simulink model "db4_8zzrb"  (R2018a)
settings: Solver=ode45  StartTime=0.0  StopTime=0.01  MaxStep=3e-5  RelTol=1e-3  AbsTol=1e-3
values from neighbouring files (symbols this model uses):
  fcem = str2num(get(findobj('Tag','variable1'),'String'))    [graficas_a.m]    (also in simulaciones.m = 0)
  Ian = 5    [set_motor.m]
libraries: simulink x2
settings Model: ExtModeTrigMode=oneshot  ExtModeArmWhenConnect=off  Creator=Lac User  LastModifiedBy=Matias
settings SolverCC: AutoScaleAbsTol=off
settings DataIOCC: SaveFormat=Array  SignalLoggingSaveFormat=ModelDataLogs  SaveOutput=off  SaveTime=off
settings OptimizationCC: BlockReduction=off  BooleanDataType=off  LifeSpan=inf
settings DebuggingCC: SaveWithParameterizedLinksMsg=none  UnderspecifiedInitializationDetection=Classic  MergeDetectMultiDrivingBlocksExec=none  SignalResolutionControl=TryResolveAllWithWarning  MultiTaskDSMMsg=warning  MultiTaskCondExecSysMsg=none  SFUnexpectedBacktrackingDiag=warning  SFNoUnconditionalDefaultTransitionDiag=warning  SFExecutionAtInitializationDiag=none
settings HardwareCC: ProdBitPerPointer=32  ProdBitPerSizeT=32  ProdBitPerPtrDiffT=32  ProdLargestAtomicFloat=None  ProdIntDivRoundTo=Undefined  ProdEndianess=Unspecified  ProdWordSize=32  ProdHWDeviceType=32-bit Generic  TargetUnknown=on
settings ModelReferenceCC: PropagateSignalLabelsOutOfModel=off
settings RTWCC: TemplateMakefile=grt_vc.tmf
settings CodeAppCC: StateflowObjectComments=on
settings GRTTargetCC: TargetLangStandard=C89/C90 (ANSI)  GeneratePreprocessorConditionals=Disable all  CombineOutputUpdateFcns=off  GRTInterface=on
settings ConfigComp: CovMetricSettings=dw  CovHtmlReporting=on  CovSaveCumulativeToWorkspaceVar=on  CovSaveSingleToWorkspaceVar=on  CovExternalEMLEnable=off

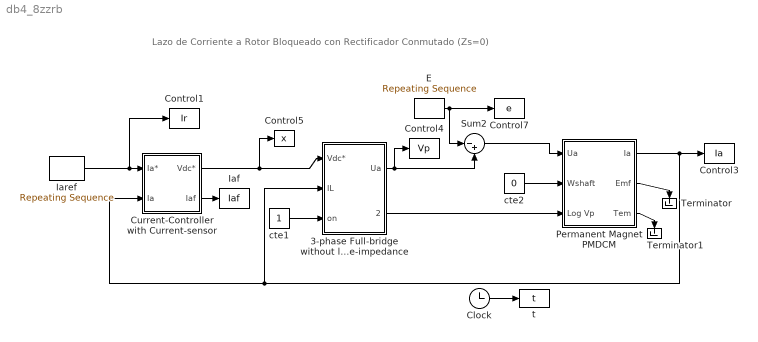
== system db4_8zzrb ==
  note: Lazo de Corriente a Rotor Bloqueado con Rectificador Conmutado (Zs=0)
  3-phase Full-bridge without line-impedance : Subsystem  mask(3-phase Full-bridge without line-impedance){Vph=220, f=50}
      mask prompts: Vph "RMS Phase Voltage [V]:"; f "Frecuency [Hz]:"
      mask init:
      | VLL=(3^.5)*Vph;
  Clock : Clock
  Control1 : ToWorkspace  VariableName=Ir
      settings: MaxDataPoints=200000
  Control3 : ToWorkspace  VariableName=Ia
      settings: MaxDataPoints=200000
  Control4 : ToWorkspace  VariableName=Vp
      settings: MaxDataPoints=200000
  Control5 : ToWorkspace  VariableName=x
      settings: MaxDataPoints=20000
  Control7 : ToWorkspace  VariableName=e
      settings: MaxDataPoints=200000
  Current-Controller with Current-sensor : Subsystem  mask(Current-Controller with Current-sensor){Kpi=0.16, TIi=0.027, Kti=1, Tfi=0.008, VLL=380}
      mask prompts: Kpi "Current Proportional Gain:"; TIi "Current Integral Gain:"; Kti "Current-sensor Proportional Gain:"; Tfi "Current-sensor Integral Gain:"; VLL "RMS Line to Line Voltage [V]:"
  E : simulink/Sources/Repeating Sequence  rep_seq_t="[0   0.6   0.61  0.75   .751   1 ]"  rep_seq_y="[0   0    fcem  fcem  -fcem -fcem]"
  Iaf : ToWorkspace  VariableName=Iaf
      settings: MaxDataPoints=200000
  Iaref : simulink/Sources/Repeating Sequence  rep_seq_t="[0   0.2  0.21    0.35  0.351  0.45  0.451 1]"  rep_seq_y="[Ian Ian  2*Ian 2*Ian  45    45    Ian  Ian]"
  Permanent Magnet PMDCM : Subsystem  mask(Permanent Magnet PMDCM){La=0.003, Ra=0.05, k=6.7851, ic=0}
      mask prompts: La "Armature Inductance  [Hy]:"; Ra "Armature Resistance [Ohms]:"; k "Motor Constant:"; ic "Armature Current Initial Condition [Amp]:"
  Sum2 : Sum  Inputs=|-+  SaturateOnIntegerOverflow=on  InputSameDT=on  OutDataTypeStr=Inherit: Same as first input
  Terminator : Terminator
  Terminator1 : Terminator
  cte1 : Constant
  cte2 : Constant  Value=0
  t : ToWorkspace  VariableName=t
      settings: MaxDataPoints=200000
  wires:
  cte1/1 -> 3-phase Full-bridge without line-impedance/3(on)
  Iaref/1 -> Control1/1, Current-Controller with Current-sensor/1(Ia*)
  Current-Controller with Current-sensor/1(Vdc*) -> Control5/1, 3-phase Full-bridge without line-impedance/1(Vdc*)
  Current-Controller with Current-sensor/2(Iaf) -> Iaf/1
  Clock/1 -> t/1
  3-phase Full-bridge without line-impedance/1(Ua) -> Control4/1, Sum2/2
  Permanent Magnet PMDCM/1(Ia) -> Control3/1, 3-phase Full-bridge without line-impedance/2(IL), Current-Controller with Current-sensor/2(Ia)
  3-phase Full-bridge without line-impedance/2(log Ua) -> Permanent Magnet PMDCM/3(Log Vp)
  Sum2/1 -> Permanent Magnet PMDCM/1(Ua)
  E/1 -> Sum2/1, Control7/1
  cte2/1 -> Permanent Magnet PMDCM/2(Wshaft)
  Permanent Magnet PMDCM/2(Emf) -> Terminator/1
  Permanent Magnet PMDCM/3(Tem) -> Terminator1/1

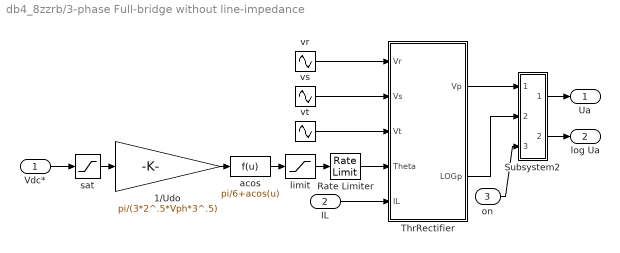
== system db4_8zzrb/3-phase Full-bridge without line-impedance ==
  Vdc* : Inport
  IL : Inport  Port=2
  on : Inport  Port=3
  1/Udo : Gain  Gain=pi/(3*2^.5*Vph*3^.5)  SaturateOnIntegerOverflow=on  OutDataTypeStr=Inherit: Same as input  ParamDataTypeStr=Inherit: Same as input
  Rate Limiter : RateLimiter  RisingSlewLimit=8000  FallingSlewLimit=-8000
  Subsystem2 : Subsystem
  ThrRectifier : Subsystem
      mask Display:
      | plot([0.3 0.7 0.5 0.3],[0.4 0.4 0.6 0.4])
      | plot([0.3 0.7 ],[0.6 0.6])
      | plot([0.5 0.5 ],[0.6 0.7])
      | plot([0.5 0.5 ],[0.3 0.4])
      | plot([0.35 0.5],[0.7 0.6])
      | plot([0.25 0.35 ],[0.7 0.7])
  acos : Fcn  Expr=pi/6+acos(u)
  limit : Saturate  UpperLimit=pi*6.999/6  LowerLimit=pi/5.998
  sat : Saturate  UpperLimit=(3*2^.5*3^.5*Vph)/pi  LowerLimit=-((3*2^.5*3^.5*Vph)/pi)
  vr : Sin  Amplitude=Vph*(2^.5)  Frequency=2*pi*f  SampleTime=0
  vs : Sin  Amplitude=Vph*(2^.5)  Frequency=2*pi*f  Phase=-(2/3)*pi  SampleTime=0
  vt : Sin  Amplitude=Vph*(2^.5)  Frequency=2*pi*f  Phase=-(4/3)*pi  SampleTime=0
  Ua : Outport
  log Ua : Outport  Port=2
  wires:
  Rate Limiter/1 -> ThrRectifier/4(Theta)
  IL/1 -> ThrRectifier/5(IL)
  vt/1 -> ThrRectifier/3(Vt)
  on/1 -> Subsystem2/3(in_2)
  Subsystem2/2(out_2) -> log Ua/1
  Vdc*/1 -> sat/1
  Subsystem2/1(out_1) -> Ua/1
  ThrRectifier/1(Vp) -> Subsystem2/1(in_1)
  limit/1 -> Rate Limiter/1
  ThrRectifier/2(LOGp) -> Subsystem2/2(in_3)
  vs/1 -> ThrRectifier/2(Vs)
  vr/1 -> ThrRectifier/1(Vr)
  1/Udo/1 -> acos/1
  acos/1 -> limit/1
  sat/1 -> 1/Udo/1

== system db4_8zzrb/Current-Controller with Current-sensor ==
  Ia* : Inport
  Ia : Inport  Port=2
  Ftr : TransferFcn  Numerator=[Kti]  Denominator=[Tfi 1]
  I - Ctr : Subsystem
      mask Display: plot([0 .01  5],[0 2 4])
  Sum1 : Sum  Inputs=+-  SaturateOnIntegerOverflow=on  InputSameDT=on  OutDataTypeStr=Inherit: Same as first input
  Vdc* : Outport
  Iaf : Outport  Port=2
  wires:
  Ia*/1 -> Sum1/1
  Ia/1 -> Ftr/1, I - Ctr/2(Ia)
  Sum1/1 -> I - Ctr/1(Ia*- Iaf)
  I - Ctr/1(Vd*) -> Vdc*/1
  Ftr/1 -> Sum1/2, Iaf/1

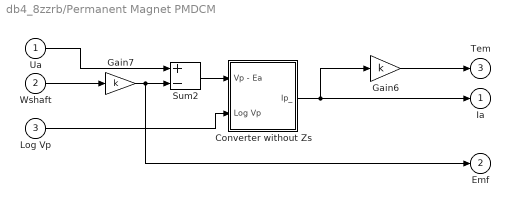
== system db4_8zzrb/Permanent Magnet PMDCM ==
  Ua : Inport
  Wshaft : Inport  Port=2
  Log Vp : Inport  Port=3
  Converter without Zs : Subsystem
  Gain6 : Gain  Gain=k  SaturateOnIntegerOverflow=on  OutDataTypeStr=Inherit: Same as input  ParamDataTypeStr=Inherit: Same as input
  Gain7 : Gain  Gain=k  SaturateOnIntegerOverflow=on  OutDataTypeStr=Inherit: Same as input  ParamDataTypeStr=Inherit: Same as input
  Sum2 : Sum  Inputs=+-  SaturateOnIntegerOverflow=on  InputSameDT=on  OutDataTypeStr=Inherit: Same as first input
  Ia : Outport
  Emf : Outport  Port=2
  Tem : Outport  Port=3
  wires:
  Wshaft/1 -> Gain7/1
  Ua/1 -> Sum2/1
  Sum2/1 -> Converter without Zs/1(Vp - Ea)
  Gain7/1 -> Sum2/2, Emf/1
  Log Vp/1 -> Converter without Zs/2(Log Vp)
  Converter without Zs/1(Ip_) -> Ia/1, Gain6/1
  Gain6/1 -> Tem/1

== system db4_8zzrb/3-phase Full-bridge without line-impedance/Subsystem2 ==
  in_1 : Inport
  in_3 : Inport  Port=2
  in_2 : Inport  Port=3
  Product1 : Product  SaturateOnIntegerOverflow=on  RndMeth=Zero  InputSameDT=on  OutDataTypeStr=Inherit: Same as first input
  Product2 : Product  SaturateOnIntegerOverflow=on  RndMeth=Zero  InputSameDT=on  OutDataTypeStr=Inherit: Same as first input
  out_1 : Outport
  out_2 : Outport  Port=2
  wires:
  in_3/1 -> Product2/2
  in_2/1 -> Product2/1, Product1/2
  Product2/1 -> out_2/1
  Product1/1 -> out_1/1
  in_1/1 -> Product1/1

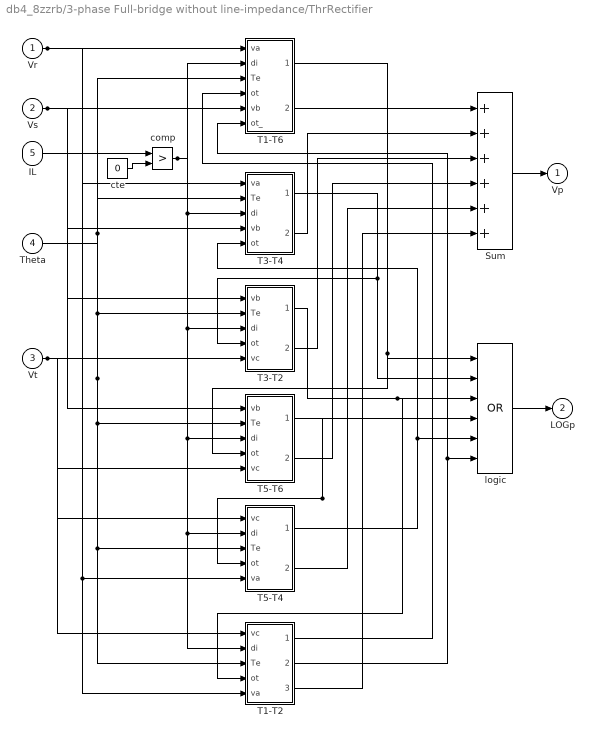
== system db4_8zzrb/3-phase Full-bridge without line-impedance/ThrRectifier ==
  Vr : Inport
  Vs : Inport  Port=2
  Vt : Inport  Port=3
  Theta : Inport  Port=4
  IL : Inport  Port=5
  Sum : Sum  Inputs=++++++  SaturateOnIntegerOverflow=on  InputSameDT=on  OutDataTypeStr=Inherit: Same as first input
  T1-T2 : Subsystem
  T1-T6 : Subsystem
  T3-T2 : Subsystem
  T3-T4 : Subsystem
  T5-T4 : Subsystem
  T5-T6 : Subsystem
  comp : RelationalOperator  Operator=>  RndMeth=Nearest  InputSameDT=on
  cte : Constant  Value=0
  logic : Logic  Operator=OR  Inputs=6
  Vp : Outport
  LOGp : Outport  Port=2
  wires:
  T3-T2/2(out_2) -> Sum/3
  Vr/1 -> T1-T6/1(va), T3-T4/1(va), T5-T4/5(va), T1-T2/5(va)
  Vs/1 -> T3-T4/4(vb), T5-T6/1(vb), T3-T2/1(vb), T1-T6/5(vb)
  Vt/1 -> T5-T6/5(vc), T1-T2/1(vc), T5-T4/1(vc), T3-T2/5(vc)
  comp/1 -> T1-T6/2(di), T3-T4/3(di), T3-T2/3(di), T5-T6/3(di), T5-T4/2(di), T1-T2/2(di)
  T1-T6/2(out_2) -> Sum/1
  T3-T4/2(out_2) -> Sum/2
  T1-T2/1(out_1) -> T1-T6/4(ot)
  T5-T6/2(out_2) -> Sum/4
  T5-T4/2(out_2) -> Sum/5
  T1-T2/3(out_3) -> Sum/6
  T5-T6/1(out_1) -> logic/4, T5-T4/4(ot)
  T1-T6/1(out_1) -> T5-T6/4(ot), logic/1
  logic/1 -> LOGp/1
  Sum/1 -> Vp/1
  cte/1 -> comp/2
  IL/1 -> comp/1
  T3-T4/1(out_1) -> T3-T2/4(ot), logic/2
  Theta/1 -> T3-T2/2(Te), T1-T6/3(Te), T3-T4/2(Te), T5-T4/3(Te), T1-T2/3(Te), T5-T6/2(Te)
  T5-T4/1(out_1) -> logic/5, T3-T4/5(ot)
  T1-T2/2(out_2) -> logic/6, T1-T6/6(ot_)
  T3-T2/1(out_1) -> logic/3, T1-T2/4(ot)

== system db4_8zzrb/Current-Controller with Current-sensor/I - Ctr ==
  Ia*- Iaf : Inport
  Ia : Inport  Port=2
  Adaptative Control : Subsystem
  comp : RelationalOperator  Operator=>  RndMeth=Nearest  InputSameDT=on
  cte1 : Constant  Value=0
  sat : Saturate  UpperLimit=VLL*sqrt(2)*3/pi  LowerLimit=-VLL*sqrt(2)*3/pi
  Vd* : Outport
  wires:
  Ia*- Iaf/1 -> Adaptative Control/2(Ia*- Iaf)
  cte1/1 -> comp/2
  sat/1 -> Vd*/1
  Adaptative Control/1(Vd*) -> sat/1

##########

** ASSIGNMENT **
Copy out the lines of the data where the word "plot" can be found.

** ANSWER FOR THIS EXERCISE **
      | plot([0.3 0.7 0.5 0.3],[0.4 0.4 0.6 0.4])
      | plot([0.3 0.7 ],[0.6 0.6])
      | plot([0.5 0.5 ],[0.6 0.7])
      | plot([0.5 0.5 ],[0.3 0.4])
      | plot([0.35 0.5],[0.7 0.6])
      | plot([0.25 0.35 ],[0.7 0.7])
      mask Display: plot([0 .01  5],[0 2 4])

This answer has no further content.